Lisa, I like Pema’s writing, thought provoking depth of living so contrary to the superficial way we tend to approach life. So often we relegate death as end of life, but death is also the beginning of life. Christ calls us to die to self that we might truly live.
Those little ‘deaths” we face daily transition us to more becoming like Christ.
As Pema comments, “opening to death, opens us to life.” It’s the fearless heart of release, which truly leads to life.
Beautiful, Donna: “but death is also the beginning of life.” It often takes a lifetime of living and dying to really grasp that. As God works with me using RELEASE this year, I’m trying to notice more beginnings and endings all along the ordinary day (as if such a thing existed).

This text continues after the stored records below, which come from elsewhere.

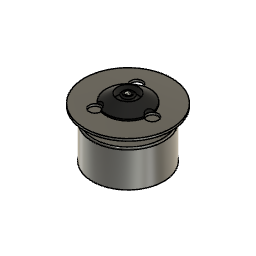
motor3 (Autodesk Fusion 360 design; units mm, degrees)
Autodesk Fusion 360 part; units mm, degrees
sketch "Sketch1" plane through (0, 0, 0) normal (0, 0, 1) x (1, 0, 0)
  circle A0 centre (0, 0) radius 12.2
  dimension "d1" = 24.4
  constraint coincident A0.centre origin
  measures "d1" diameter of A0
extrude "Extrude1" add sketch "Sketch1" along normal blind 12.4 makes body 1
sketch "Sketch2" plane through (0, 0, 0) normal (0, 0, -1) x (1, 0, 0)
  circle A0 centre (0, 0) radius 12.2
  circle A1 centre (0, 0) radius 3
  dimension "d4" = 6
  constraint concentric A0 A1
  measures "d4" diameter of A1
extrude "Extrude2" add sketch "Sketch2" along normal blind 0.6 contours A1 bodies 1
fillet "Fillet1" radius 0.2 1 edges at (-2.797, 1.0848, -0.6) on bodies 1
sketch "Sketch3" plane through (0, 0, 12.4) normal (0, 0, 1) x (-1, 0, 0)
  circle A0 centre (0, 0) radius 12.2
  circle A1 centre (0, 0) radius 1.25
  dimension "d9" = 2.5
  constraint coincident A0.centre A1.centre
  measures "d9" diameter of A1
extrude "Extrude3" cut sketch "Sketch3" against normal blind 12.4 contours A1 bodies 1
copy_body "Body->Comp1" bodies 1 removing the originals makes body 2 in component "motor_body"
sketch "Sketch1 (2)" plane through (0, 0, 0) normal (0, 0, 1) x (1, 0, 0) in component "rotor"
  circle A0 centre (0, 0) radius 1
  dimension "d12" = 2
  constraint coincident A0.centre origin
  measures "d12" diameter of A0
extrude "Extrude1'" add sketch "Sketch1 (2)" along normal blind 22.9 separate body makes body 3 in component "rotor"
fillet "Fillet1'" radius 0.5 1 edges at (-11.3744, -4.4117, 12.4) on bodies 2 in component "motor_body"
ref_plane "WorkPlane1" through (0, 0, 16.4) normal (0, 0, 1) x (1, 0, 0) in component "motor_cap"
sketch "Sketch1 (3)" plane through (0, 0, 16.4) normal (0, 0, 1) x (1, 0, 0) in component "motor_cap"
  circle A0 centre (0, 0) radius 14.9
  circle A1 centre (0, 0) radius 1
  dimension "d22" = 29.8
  dimension "d23" = 2
  constraint coincident A0.centre A1.centre
  constraint concentric A0 A1
  measures "d22" diameter of A0
  measures "d23" diameter of A1
extrude "Extrude1''" add sketch "Sketch1 (3)" along normal blind 0.77 separate body makes body 4 in component "motor_cap"
sketch "Sketch1 (4)" plane through (0, 0, 12.4) normal (0, 0, 1) x (-1, 0, 0) in component "motor_body"
  circle A0 centre (0, 0) radius 1.25
  circle A1 centre (0, 0) radius 11.7
  circle A2 centre (0, 0) radius 3.2
  dimension "d26" = 6.4
  constraint concentric A0 A2
  measures "d26" diameter of A2
extrude "Extrude1'''" add sketch "Sketch1 (4)" along normal blind 1 contours A2 bodies 2 in component "motor_body"
sketch "Sketch1 (5)" plane through (0, 0, 17.17) normal (0, 0, 1) x (-1, 0, 0) in component "motor_plastic_cap"
  circle A0 centre (0, 0) radius 1
  circle A1 centre (0, 0) radius 14.9
  circle A2 centre (0, 0) radius 7.475
  dimension "d29" = 14.95
  constraint concentric A0 A2
  measures "d29" diameter of A2
extrude "Extrude1''''" add sketch "Sketch1 (5)" along normal blind 0.5 separate body contours A0 | A2 makes body 5 in component "motor_plastic_cap"
ref_plane "WorkPlane1" through (0, 0, 20.17) normal (0, 0, 1) x (-1, 0, 0) in component "motor_plastic_cap"
sketch "Sketch2 (2)" plane through (0, 0, 20.17) normal (0, 0, 1) x (1, 0, 0) in component "motor_plastic_cap"
  circle A0 centre (0, 0) radius 3.625
  dimension "d33" = 7.25
  constraint coincident A0.centre origin
  measures "d33" diameter of A0
loft "Loft1" add profiles "Sketch2 (2)" section 1 face at (2.1089, -0.7344, 17.67) section 2 on bodies 5 bodies 5 in component "motor_plastic_cap"
sketch "Sketch3 (2)" plane through (0, 0, 20.17) normal (0, 0, 1) x (-1, 0, 0) in component "motor_plastic_cap"
  circle A0 centre (0, 0) radius 3.625
  circle A1 centre (0, 0) radius 2
  dimension "d34" = 4
  constraint concentric A0 A1
  measures "d34" diameter of A1
extrude "Extrude2'" cut sketch "Sketch3 (2)" against normal blind 2.5 bodies 5 in component "motor_plastic_cap"
chamfer "Chamfer1" distance 0.5 angle 45 1 edges at (1.8647, 0.7232, 20.17) on bodies 5 in component "motor_plastic_cap"
extrude "Extrude2''" cut 1 faces at (-0.3296, 0.5031, 22.9) along direction (0, 0, -1) blind 3.68 on bodies 3 bodies 3 in component "rotor"
sketch "Sketch2 (3)" plane through (0, 0, 17.17) normal (0, 0, 1) x (-1, 0, 0) in component "motor_cap"
  circle A0 centre (0, 0) radius 1
  circle A1 centre (0, 0) radius 14.9 construction
  circle A2 centre (0, -8.3) radius 2
  line L0 (0, 0) -> (0, -14.9) construction
  dimension "d40" = 4
  dimension "d41" = 6.6
  constraint coincident A0.centre A1.centre
  constraint coincident A1 L0.end
  constraint vertical L0
  measures "d40" diameter of A2
  measures "d41" distance of A2.centre L0.end
extrude "Extrude2'''" cut sketch "Sketch2 (3)" along normal blind 3 and the other way blind 2 contours A2 bodies 4 in component "motor_cap"
extrude "Extrude3'" cut sketch "Sketch2 (3)" along normal blind 3 and the other way blind 2 contours A2 bodies 5 in component "motor_plastic_cap"
pattern_circular "C-Pattern1" count 3 over 360 about axis through (0, 0, 19.22) along (0, 0, -1) of "Extrude2'''" in component "motor_cap"
pattern_circular "C-Pattern1'" count 3 over 360 about axis through (0, 0, 19.22) along (0, 0, -1) of "Extrude3'" in component "motor_plastic_cap"
component "motor_body" placed x (1, 0, 0) y (0, 1, 0) z (0, 0, 1) at (0, 0, 0)
component "rotor" placed x (1, 0, 0) y (0, 1, 0) z (0, 0, 1) at (0, 0, 0.95)
component "motor_cap" placed x (1, 0, 0) y (0, 1, 0) z (0, 0, 1) at (0, 0, 0)
component "motor_plastic_cap" placed x (1, 0, 0) y (0, 1, 0) z (0, 0, 1) at (0, 0, 0)
equation "d41 = 4.6 mm + 2 mm"

One million cells die in our body every second! It is astounding to think about that, but something I rarely reflect on. AND the body is also making 3.8 million new cells each second. We are continually renewing–how precious God made us!
Thank you so much for hosting this wonderful community sweet friend.
As I was reading your post above Lisa, Psalm 46:10 kept playing through my mind;
“Let go, relax & know that I AM God…”.
It’s all about letting go & trusting God in the everyday things of life…isn’t it?
blessings, Jennifer
Yes change is constant…n often a very good thing indeed even if not immediately evident.
Wow. There is a lot here. A lot of wisdom and a lot to chew on.